Family travel to paradise in the Florida Keys

Hawks Cay: The resort you want your kids to fall in love with Photo: Hawks Cay Resort & Villas

DUCK KEY, Fla., July 11, 2013 — As soon as Hawks Cay was in sight, I knew this trip would be a hit with my daughter.  A 61-acre resort on tiny Duck Key, an island smack in the middle of the Florida Keys, is a six-year-old’s paradise.

Hawks Cay is exactly the resort you want your kids to fall in love with.  It has an abundance of opportunities to get outside and interact with nature whether it’s a lumbering iguana crossing the path to the pool, a greedy seagull stealing pineapple slices at breakfast, or the tiny shells that migrate in mass into the resort’s lagoon.

Yes, the rooms are outfitted with flat screens, iPod docking stations and Wi-Fi, buts who cares? The real show is outside: tarpons shadowing the returning fishing boats, pelicans swooping in for small fish and the ubiquitous palm fronds swaying in the breeze.

The staff is young and bubbly and enthusiastic about this property. They have found their way to Hawks Cay from places as diverse as Akron, Ohio, Nicaragua, Haiti, Raleigh, North Carolina, Guatemala and Estonia. 

Rooms

With 37 room categories, it’s impossible to detail all the configurations possible at the 177-room resort. A new category of room featuring a king bed and an alcove for bunk beds will debut in the fall of 2013.  A staff favorite is the lanai room, which feature a patio and little deck with lounge chairs overlooking the main pool. There are also 250 two and three-bedroom villas.

All rooms are decorated in West Indies style with dark woods and crisp, light linens. There are tumbled ceramic tiles in the generous shower, whitewashed bead board where strong hooks beckon for wet swimsuits, and Tommy Bahama bath products that set the island tone.

Lagoon

A cleverly constructed ocean-fed lagoon is the centerpiece of the property, a place where sea life like jellyfish, sea sponges and furtive fish congregate.  In the center, there’s a floating dock that children never tire of leaping from.

Lagoon at Hawks Cay/Hawks Cay Resort & Villas

 

Dolphin Connection

Hawks Cay is one of the only two resorts in the U.S. to have a dolphin program right on property. (The other is rather incongruously in Vegas).

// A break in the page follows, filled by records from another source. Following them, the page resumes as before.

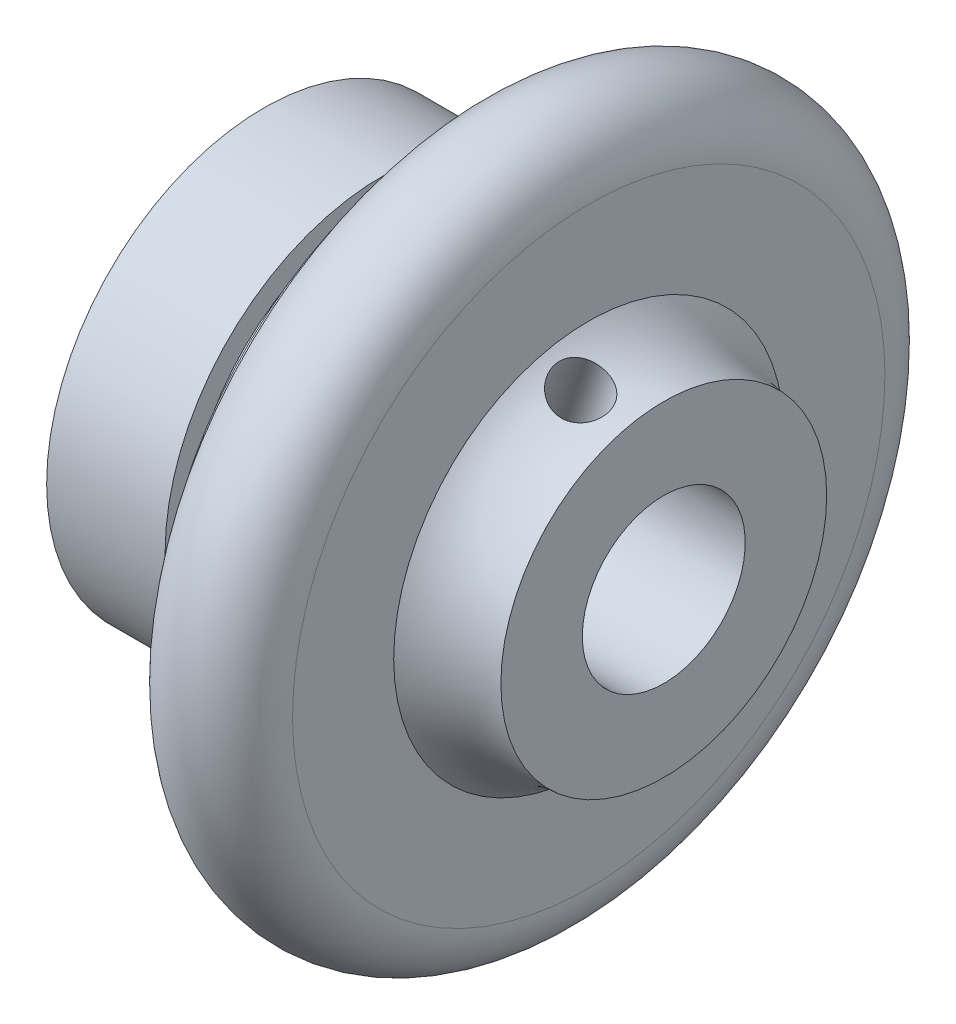
ISO-10303-21;
HEADER;
FILE_DESCRIPTION(('STEP AP214'),'2;1');
FILE_NAME('part.step','',(''),(''),'','','');
FILE_SCHEMA(('AUTOMOTIVE_DESIGN { 1 0 10303 214 1 1 1 1 }'));
ENDSEC;
DATA;
#1=APPLICATION_CONTEXT('core data for automotive mechanical design processes');
#2=APPLICATION_PROTOCOL_DEFINITION('international standard','automotive_design',2000,#1);
#3=PRODUCT_CONTEXT('',#1,'mechanical');
#4=PRODUCT('Part','Part','',(#3));
#5=PRODUCT_RELATED_PRODUCT_CATEGORY('part','',(#4));
#6=PRODUCT_DEFINITION_FORMATION('','',#4);
#7=PRODUCT_DEFINITION_CONTEXT('part definition',#1,'design');
#8=PRODUCT_DEFINITION('design','',#6,#7);
#9=PRODUCT_DEFINITION_SHAPE('','',#8);
#10=(LENGTH_UNIT() NAMED_UNIT(*) SI_UNIT(.MILLI.,.METRE.));
#11=(NAMED_UNIT(*) PLANE_ANGLE_UNIT() SI_UNIT($,.RADIAN.));
#12=(NAMED_UNIT(*) SI_UNIT($,.STERADIAN.) SOLID_ANGLE_UNIT());
#13=UNCERTAINTY_MEASURE_WITH_UNIT(LENGTH_MEASURE(1.E-05),#10,'distance_accuracy_value','');
#14=(GEOMETRIC_REPRESENTATION_CONTEXT(3) GLOBAL_UNCERTAINTY_ASSIGNED_CONTEXT((#13)) GLOBAL_UNIT_ASSIGNED_CONTEXT((#10,
#11,#12)) REPRESENTATION_CONTEXT('',''));
#15=CARTESIAN_POINT('',(0.,0.,0.));
#16=DIRECTION('',(0.,0.,1.));
#17=DIRECTION('',(1.,0.,0.));
#18=AXIS2_PLACEMENT_3D('',#15,#16,#17);
#19=CARTESIAN_POINT('',(0.,14.67,0.));
#20=DIRECTION('',(1.,0.,0.));
#21=DIRECTION('',(0.,0.,-1.));
#22=AXIS2_PLACEMENT_3D('',#19,#20,#21);
#23=PLANE('',#22);
#24=CARTESIAN_POINT('',(0.,0.,0.));
#25=DIRECTION('',(-1.,0.,0.));
#26=DIRECTION('',(0.,0.,1.));
#27=AXIS2_PLACEMENT_3D('',#24,#25,#26);
#28=CIRCLE('',#27,5.5);
#29=CARTESIAN_POINT('',(0.,0.,5.5));
#30=VERTEX_POINT('',#29);
#31=EDGE_CURVE('E90',#30,#30,#28,.T.);
#32=ORIENTED_EDGE('',*,*,#31,.F.);
#33=EDGE_LOOP('',(#32));
#34=FACE_BOUND('',#33,.T.);
#35=CARTESIAN_POINT('',(0.,0.,0.));
#36=DIRECTION('',(-1.,0.,0.));
#37=DIRECTION('',(0.,0.,1.));
#38=AXIS2_PLACEMENT_3D('',#35,#36,#37);
#39=CIRCLE('',#38,14.67);
#40=CARTESIAN_POINT('',(0.,0.,14.67));
#41=VERTEX_POINT('',#40);
#42=EDGE_CURVE('E10',#41,#41,#39,.T.);
#43=ORIENTED_EDGE('',*,*,#42,.T.);
#44=EDGE_LOOP('',(#43));
#45=FACE_BOUND('',#44,.T.);
#46=ADVANCED_FACE('F43',(#34,#45),#23,.F.);
#47=CARTESIAN_POINT('',(0.,0.,0.));
#48=DIRECTION('',(-1.,0.,0.));
#49=DIRECTION('',(0.,0.,1.));
#50=AXIS2_PLACEMENT_3D('',#47,#48,#49);
#51=CYLINDRICAL_SURFACE('',#50,14.67);
#52=ORIENTED_EDGE('',*,*,#42,.F.);
#53=EDGE_LOOP('',(#52));
#54=FACE_BOUND('',#53,.T.);
#55=CARTESIAN_POINT('',(8.,0.,0.));
#56=DIRECTION('',(-1.,0.,0.));
#57=DIRECTION('',(0.,0.,1.));
#58=AXIS2_PLACEMENT_3D('',#55,#56,#57);
#59=CIRCLE('',#58,14.67);
#60=CARTESIAN_POINT('',(8.,0.,14.67));
#61=VERTEX_POINT('',#60);
#62=EDGE_CURVE('E50',#61,#61,#59,.T.);
#63=ORIENTED_EDGE('',*,*,#62,.T.);
#64=EDGE_LOOP('',(#63));
#65=FACE_BOUND('',#64,.T.);
#66=ADVANCED_FACE('F123',(#54,#65),#51,.T.);
#67=CARTESIAN_POINT('',(8.,13.17,0.));
#68=DIRECTION('',(-1.,0.,0.));
#69=DIRECTION('',(0.,0.,1.));
#70=AXIS2_PLACEMENT_3D('',#67,#68,#69);
#71=PLANE('',#70);
#72=ORIENTED_EDGE('',*,*,#62,.F.);
#73=EDGE_LOOP('',(#72));
#74=FACE_BOUND('',#73,.T.);
#75=CARTESIAN_POINT('',(8.,0.,0.));
#76=DIRECTION('',(-1.,0.,0.));
#77=DIRECTION('',(0.,0.,1.));
#78=AXIS2_PLACEMENT_3D('',#75,#76,#77);
#79=CIRCLE('',#78,13.17);
#80=CARTESIAN_POINT('',(8.,0.,13.17));
#81=VERTEX_POINT('',#80);
#82=EDGE_CURVE('E55',#81,#81,#79,.T.);
#83=ORIENTED_EDGE('',*,*,#82,.T.);
#84=EDGE_LOOP('',(#83));
#85=FACE_BOUND('',#84,.T.);
#86=ADVANCED_FACE('F128',(#74,#85),#71,.F.);
#87=CARTESIAN_POINT('',(0.,0.,0.));
#88=DIRECTION('',(-1.,0.,0.));
#89=DIRECTION('',(0.,0.,1.));
#90=AXIS2_PLACEMENT_3D('',#87,#88,#89);
#91=CYLINDRICAL_SURFACE('',#90,13.17);
#92=ORIENTED_EDGE('',*,*,#82,.F.);
#93=EDGE_LOOP('',(#92));
#94=FACE_BOUND('',#93,.T.);
#95=CARTESIAN_POINT('',(12.9333344298247,0.,0.));
#96=DIRECTION('',(-1.,0.,0.));
#97=DIRECTION('',(0.,0.,1.));
#98=AXIS2_PLACEMENT_3D('',#95,#96,#97);
#99=CIRCLE('',#98,13.17);
#100=CARTESIAN_POINT('',(12.9333344298247,0.,13.17));
#101=VERTEX_POINT('',#100);
#102=EDGE_CURVE('E60',#101,#101,#99,.T.);
#103=ORIENTED_EDGE('',*,*,#102,.T.);
#104=EDGE_LOOP('',(#103));
#105=FACE_BOUND('',#104,.T.);
#106=ADVANCED_FACE('F135',(#94,#105),#91,.T.);
#107=CARTESIAN_POINT('',(12.9333344298247,20.,0.));
#108=DIRECTION('',(1.,0.,0.));
#109=DIRECTION('',(0.,0.,-1.));
#110=AXIS2_PLACEMENT_3D('',#107,#108,#109);
#111=PLANE('',#110);
#112=ORIENTED_EDGE('',*,*,#102,.F.);
#113=EDGE_LOOP('',(#112));
#114=FACE_BOUND('',#113,.T.);
#115=CARTESIAN_POINT('',(12.9333344298247,0.,0.));
#116=DIRECTION('',(-1.,0.,0.));
#117=DIRECTION('',(0.,0.,1.));
#118=AXIS2_PLACEMENT_3D('',#115,#116,#117);
#119=CIRCLE('',#118,20.);
#120=CARTESIAN_POINT('',(12.9333344298247,0.,20.));
#121=VERTEX_POINT('',#120);
#122=EDGE_CURVE('E66',#121,#121,#119,.T.);
#123=ORIENTED_EDGE('',*,*,#122,.T.);
#124=EDGE_LOOP('',(#123));
#125=FACE_BOUND('',#124,.T.);
#126=ADVANCED_FACE('F141',(#114,#125),#111,.F.);
#127=CARTESIAN_POINT('',(0.,0.,0.));
#128=DIRECTION('',(-1.,0.,0.));
#129=DIRECTION('',(0.,0.,1.));
#130=AXIS2_PLACEMENT_3D('',#127,#128,#129);
#131=CYLINDRICAL_SURFACE('',#130,20.);
#132=ORIENTED_EDGE('',*,*,#122,.F.);
#133=EDGE_LOOP('',(#132));
#134=FACE_BOUND('',#133,.T.);
#135=CARTESIAN_POINT('',(13.9333344298247,0.,0.));
#136=DIRECTION('',(-1.,0.,0.));
#137=DIRECTION('',(0.,0.,1.));
#138=AXIS2_PLACEMENT_3D('',#135,#136,#137);
#139=CIRCLE('',#138,20.);
#140=CARTESIAN_POINT('',(13.9333344298247,0.,20.));
#141=VERTEX_POINT('',#140);
#142=EDGE_CURVE('E70',#141,#141,#139,.T.);
#143=ORIENTED_EDGE('',*,*,#142,.T.);
#144=EDGE_LOOP('',(#143));
#145=FACE_BOUND('',#144,.T.);
#146=ADVANCED_FACE('F145',(#134,#145),#131,.T.);
#147=CARTESIAN_POINT('',(17.9333344298247,0.,0.));
#148=DIRECTION('',(-1.,0.,0.));
#149=DIRECTION('',(0.,0.,1.));
#150=AXIS2_PLACEMENT_3D('',#147,#148,#149);
#151=TOROIDAL_SURFACE('',#150,20.,4.);
#152=ORIENTED_EDGE('',*,*,#142,.F.);
#153=EDGE_LOOP('',(#152));
#154=FACE_BOUND('',#153,.T.);
#155=CARTESIAN_POINT('',(21.9333344298247,0.,0.));
#156=DIRECTION('',(-1.,0.,0.));
#157=DIRECTION('',(0.,0.,1.));
#158=AXIS2_PLACEMENT_3D('',#155,#156,#157);
#159=CIRCLE('',#158,20.);
#160=CARTESIAN_POINT('',(21.9333344298247,0.,20.));
#161=VERTEX_POINT('',#160);
#162=EDGE_CURVE('E74',#161,#161,#159,.T.);
#163=ORIENTED_EDGE('',*,*,#162,.T.);
#164=EDGE_LOOP('',(#163));
#165=FACE_BOUND('',#164,.T.);
#166=ADVANCED_FACE('F149',(#154,#165),#151,.T.);
#167=CARTESIAN_POINT('',(21.9333344298247,13.17,0.));
#168=DIRECTION('',(-1.,0.,0.));
#169=DIRECTION('',(0.,0.,1.));
#170=AXIS2_PLACEMENT_3D('',#167,#168,#169);
#171=PLANE('',#170);
#172=ORIENTED_EDGE('',*,*,#162,.F.);
#173=EDGE_LOOP('',(#172));
#174=FACE_BOUND('',#173,.T.);
#175=CARTESIAN_POINT('',(21.9333344298247,0.,0.));
#176=DIRECTION('',(-1.,0.,0.));
#177=DIRECTION('',(0.,0.,1.));
#178=AXIS2_PLACEMENT_3D('',#175,#176,#177);
#179=CIRCLE('',#178,13.17);
#180=CARTESIAN_POINT('',(21.9333344298247,0.,13.17));
#181=VERTEX_POINT('',#180);
#182=EDGE_CURVE('E78',#181,#181,#179,.T.);
#183=ORIENTED_EDGE('',*,*,#182,.T.);
#184=EDGE_LOOP('',(#183));
#185=FACE_BOUND('',#184,.T.);
#186=ADVANCED_FACE('F153',(#174,#185),#171,.F.);
#187=CARTESIAN_POINT('',(27.,0.,0.));
#188=DIRECTION('',(-1.,0.,0.));
#189=DIRECTION('',(0.,0.,1.));
#190=AXIS2_PLACEMENT_3D('',#187,#188,#189);
#191=TOROIDAL_SURFACE('',#190,18.,7.);
#192=CARTESIAN_POINT('',(24.3192099735375,11.5003357512028,0.876313995896168));
#193=CARTESIAN_POINT('',(24.4079678325172,11.4621925546826,0.892608350885709));
#194=CARTESIAN_POINT('',(24.4961201380341,11.4257808008987,0.917437827083082));
#195=CARTESIAN_POINT('',(24.6680971522644,11.3567832450294,0.982987617116957));
#196=CARTESIAN_POINT('',(24.7519069390884,11.3242102006067,1.02375907661811));
#197=CARTESIAN_POINT('',(24.912073337954,11.2627315250046,1.11940485584437));
#198=CARTESIAN_POINT('',(24.9884558742276,11.2338130235794,1.17422750056089));
#199=CARTESIAN_POINT('',(25.1316658109852,11.1788034088174,1.2962558779455));
#200=CARTESIAN_POINT('',(25.1984976218005,11.1527109918084,1.36345586198132));
#201=CARTESIAN_POINT('',(25.3228220257063,11.1014508630979,1.51129712942603));
#202=CARTESIAN_POINT('',(25.3798422450903,11.0763602246379,1.59236405018528));
#203=CARTESIAN_POINT('',(25.4787111723171,11.0273285429301,1.76361779257921));
#204=CARTESIAN_POINT('',(25.5205619872188,11.0033873404247,1.85380334539136));
#205=CARTESIAN_POINT('',(25.5859696132107,10.9566962613476,2.03797360860249));
#206=CARTESIAN_POINT('',(25.6099949915885,10.9339317071298,2.13178720666539));
#207=CARTESIAN_POINT('',(25.6401415655192,10.8888718848236,2.32233931708526));
#208=CARTESIAN_POINT('',(25.6462727896962,10.8665763608301,2.41907616040656));
#209=CARTESIAN_POINT('',(25.6404759450763,10.8245227696286,2.6054506540081));
#210=CARTESIAN_POINT('',(25.6297754398457,10.8046961096233,2.69511367449045));
#211=CARTESIAN_POINT('',(25.5931711989295,10.7667902196044,2.87165212674668));
#212=CARTESIAN_POINT('',(25.5672661239231,10.7487111436931,2.95852731223822));
#213=CARTESIAN_POINT('',(25.5014492961662,10.7154055807434,3.12766144019478));
#214=CARTESIAN_POINT('',(25.4614949279849,10.7001879913904,3.20990544439809));
#215=CARTESIAN_POINT('',(25.369287119335,10.6739836874561,3.36791789229407));
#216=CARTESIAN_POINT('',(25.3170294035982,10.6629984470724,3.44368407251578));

Dolphin Connection is a conservation group with a mission to promote marine stewardship.  The program has four resident dolphins.  These Fab Four serve as ambassadors for their species.  Guests see daily dolphin shows free of charge.  For a fee, older children can swim with the dolphins, while younger kids, like my daughter, can feed them from the dock.

Indies Club

While there’s a kids’ camp here, most of the activities are aimed at families. There’s a putting green, a soccer field, a lounge-y game room with old school air hockey and also wii.  The thoughtful staff engages kids in crafty projects, like creating shark tooth necklaces.  A pirate ship pool with shooting cannons, a tall mast and waterslides attracts toddlers. 

At the far end of the Indie Club sits the resort’s best-kept secret: a large pool with shade trees.  This pool is critical if you get aced out of space at the main pool. There are far fewer lounge chairs than there are guests, so, it’s very likely you will not get near the main pool. In-the-know guests stake out this prime real estate early in the morning and reserve chairs all day with a towel.  Having a back-up plan to migrate to the underpopulated Indies Club pool will ensure you avoid disappointment.

Restaurants

Hawks Cay recently spent $1 million revamping the resort’s restaurants.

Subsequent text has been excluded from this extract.